Menurut Stuart & Sundeen (2006), faktor-faktor yang mengakibatkan
harga diri rendah kronik meliputi faktor predisposisi dan faktor presipitasi
sebagai berikut :
1. Faktor predisposisi
a. Faktor yang mempengaruhi harga diri meliputi penolakan orang tua,
harapan orang tua yang tidak realistik, kegagalan yang berulang,
kurang mempunyai tanggung jawab personal, ketergantungan pada
orang lain, dan ideal diri yang tidak realistis.
b. Faktor yang mempengaruhi performa peran adalah stereotipe peran
gender, tuntutan peran kerja, dan harapan peran budaya.
c. Faktor yang mempengaruhi identitas pribadi meliputi
ketidakpercayaan orang tua, tekanan dari kelompok sebaya, dan
perubahan struktur sosial.
d. Faktor biologis, adanya kondisi sakit fisik yang dapat mempengaruhi
kerja hormon secara umum, yang dapat pula berdampak pada
keseimbangan neurotransmiter di otak, contoh kadar serotonin yang
menurun dapat mengakibatkan klien mengalami depresi dan pada
pasien depresi kecendrungan harga diri rendah kronis semakin besar
karena klien lebih dikuasai oleh pikiran – pikiran negatif dan tidak
berdaya,
2. Faktor presipitasi
Masalah khusus tentang konsep diri disebabkan oleh setiap situasi
yang dihadapi individu dan ia tidak mampu menyesuaikan. Situasi atau
stressor dapat mempengaruhi komponen,
Stressor yang dapat mempengaruhi gambaran diri adalah hilangnya
bagian tubuh, tindakan operasi, proses patologi penyakit, perubahan
struktur dan fungsi tubuh, proses tumbuh kembang, prosedur tindakan
dan pengobatan. Sedangkan stressor yang dapat mempengaruhi harga diri
dan ideal diri adalah penolakan dan kurang penghargaan diri dari orang
tua dan orang yang berarti, pola asuh yang tidak tepat misalnya selalu
dituntut, dituruti, persaingan denga saudara, kasalahan dan kegagalan
bertanggung jawab sendiri.
Stresor pencetus dapat berasal dari sumber internal atau eksternal :
a.
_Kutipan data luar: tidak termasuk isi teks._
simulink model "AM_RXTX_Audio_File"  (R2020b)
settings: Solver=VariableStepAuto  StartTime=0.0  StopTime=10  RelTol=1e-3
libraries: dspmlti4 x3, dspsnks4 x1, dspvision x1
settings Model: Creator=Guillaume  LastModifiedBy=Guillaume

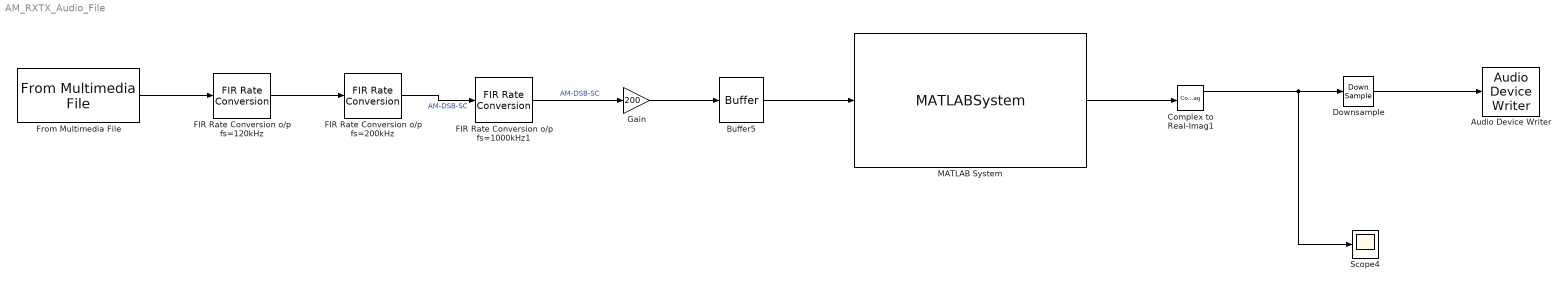
== system AM_RXTX_Audio_File ==
  Audio Device Writer : dspsnks4/Audio Device Writer  Driver=DirectSound  Device=Default  InheritSampleRate=on  SampleRate=44100  BitDepth=16-bit integer  BufferSize=4096  NumBuffers=10  DefaultOutputChannelMapping=on  OutputChannelMapping=1:2  OutputNumUnderrunSamples=off  DriverIdx=1  DeviceWarnFlag=''
  Buffer5 : Buffer  N=16384  OutputFrames=off
  Complex to Real-Imag1 : ComplexToRealImag
  Downsample : DownSample  N=21  RateOptions=Allow multirate processing
  FIR Rate Conversion o/p fs=1000kHz1 : dspmlti4/FIR Rate Conversion  FilterSource=Dialog parameters  L=5  h=firpm(100, [0 15e3 30e3 600e3/2]/(600e3/2), [1 1 0 0], [1 1],20)  M=1  FilterObject=Hm_firsrc  rateMode=Enforce single-rate processing  roundingMode=Floor  overflowMode=off  firstCoeffDataTypeStr=Inherit: Same word length as input  firstCoeffMin=[]  firstCoeffMax=[]  firstCoeffLastDataTypeStr=Inherit: Same word length as input  outputDataTypeStr=Inherit: Same as accumulator  outputMin=[]  outputMax=[]  outputLastDataTypeStr=Inherit: Same as accumulator
      settings: SourceProductBaseCode=DS
  FIR Rate Conversion o/p fs=120kHz : dspmlti4/FIR Rate Conversion  FilterSource=Dialog parameters  L=5  h=firpm(100, [0 15e3 24e3 240e3/2]/(240e3/2), [1 1 0 0], [1 1],20)  M=2  FilterObject=Hm_firsrc  rateMode=Enforce single-rate processing  roundingMode=Floor  overflowMode=off  firstCoeffDataTypeStr=Inherit: Same word length as input  firstCoeffMin=[]  firstCoeffMax=[]  firstCoeffLastDataTypeStr=Inherit: Same word length as input  outputDataTypeStr=Inherit: Same as accumulator  outputMin=[]  outputMax=[]  outputLastDataTypeStr=Inherit: Same as accumulator
      settings: SourceProductBaseCode=DS
  FIR Rate Conversion o/p fs=200kHz : dspmlti4/FIR Rate Conversion  FilterSource=Dialog parameters  L=5  h=firpm(100, [0 15e3 30e3 600e3/2]/(600e3/2), [1 1 0 0], [1 1],20)  M=3  FilterObject=Hm_firsrc  rateMode=Enforce single-rate processing  roundingMode=Floor  overflowMode=off  firstCoeffDataTypeStr=Inherit: Same word length as input  firstCoeffMin=[]  firstCoeffMax=[]  firstCoeffLastDataTypeStr=Inherit: Same word length as input  outputDataTypeStr=Inherit: Same as accumulator  outputMin=[]  outputMax=[]  outputLastDataTypeStr=Inherit: Same as accumulator
      settings: SourceProductBaseCode=DS
  From Multimedia File : dspvision/From Multimedia File  inputFilename=F:\Documents\MATLAB\LimeSDR\LimeSDR_Mini_Matlab_Github_2022\music1_mono48kHz.wav  readRange=[1 Inf]  loop=on  numPlays=inf  outputStreams=Audio only  videoDataType=single  audioDataType=single  inheritSampleTime=on  userDefinedSampleTime=1/30  noAudioOutput=off  isIntensityVideo=off  fourcc=RGB  colorVideoFormat=One multidimensional signal  outputEOF=off  dataOrg=Column-major  audioFrameSize=600  computeAudioFrameSize=off  outSamplingMode=Sample based
  Gain : Gain  Gain=200
  MATLAB System : MATLABSystem  System=limeSDR_Simulink_Wrapper_2022  enable_rx0=on  rx0_antenna=3  rx0_bandwidth=5  rx0_gain=20  rx_frequency=868e6  rx_samplerate=1e6  rx_timeout_ms=5000  rx_step_size=16384  enable_tx0=on  tx0_antenna=2  tx0_bandwidth=5  tx0_gain=30  tx_frequency=868e6  tx_samplerate=1e6  tx_timeout_ms=5000  tx_step_size=16384
      mask Type: limeSDR_Simulink_Wrapper_2022
      mask Display:
      | disp('LimeSDR mini');
      | port_label('input',1,'TX0 Samples');
      | port_label('output',1,'RX0 Samples');
  Scope4 : Scope
  wires:
  From Multimedia File/1 -> FIR Rate Conversion o/p fs=120kHz/1
  FIR Rate Conversion o/p fs=120kHz/1 -> FIR Rate Conversion o/p fs=200kHz/1
  MATLAB System/1 -> Complex to Real-Imag1/1
  FIR Rate Conversion o/p fs=200kHz/1 -> FIR Rate Conversion o/p fs=1000kHz1/1  "AM-DSB-SC"
  FIR Rate Conversion o/p fs=1000kHz1/1 -> Gain/1  "AM-DSB-SC"
  Gain/1 -> Buffer5/1
  Buffer5/1 -> MATLAB System/1
  Downsample/1 -> Audio Device Writer/1
  Complex to Real-Imag1/1 -> Scope4/1, Downsample/1

Trauma seperti penganiayaan seksual dan psikologis atau
menyaksikan peristiwa yang mengancam kehidupan.
b. Ketegangan peran berhubungan dengan peran atau posisi yang
diharapkan dan individu mengalaminya sebagai frustasi. Ada tiga
jenis transisi peran :
1) Transisi peran perkembangan adalah perubahan normatif yang
berkaitan dengan pertumbuhan, perubahan ini termasuk tahap
perkembangan dalam kehidupan individua tau keluarga dan
norma – norma budaya, nilai- nilai, serta tekanan untuk
menyesuaikan diri.
2) Transisi peran situasi terjadi dengan bertambah atau
berkurangnya anggota keluarga melalui kelahiran atau kematian.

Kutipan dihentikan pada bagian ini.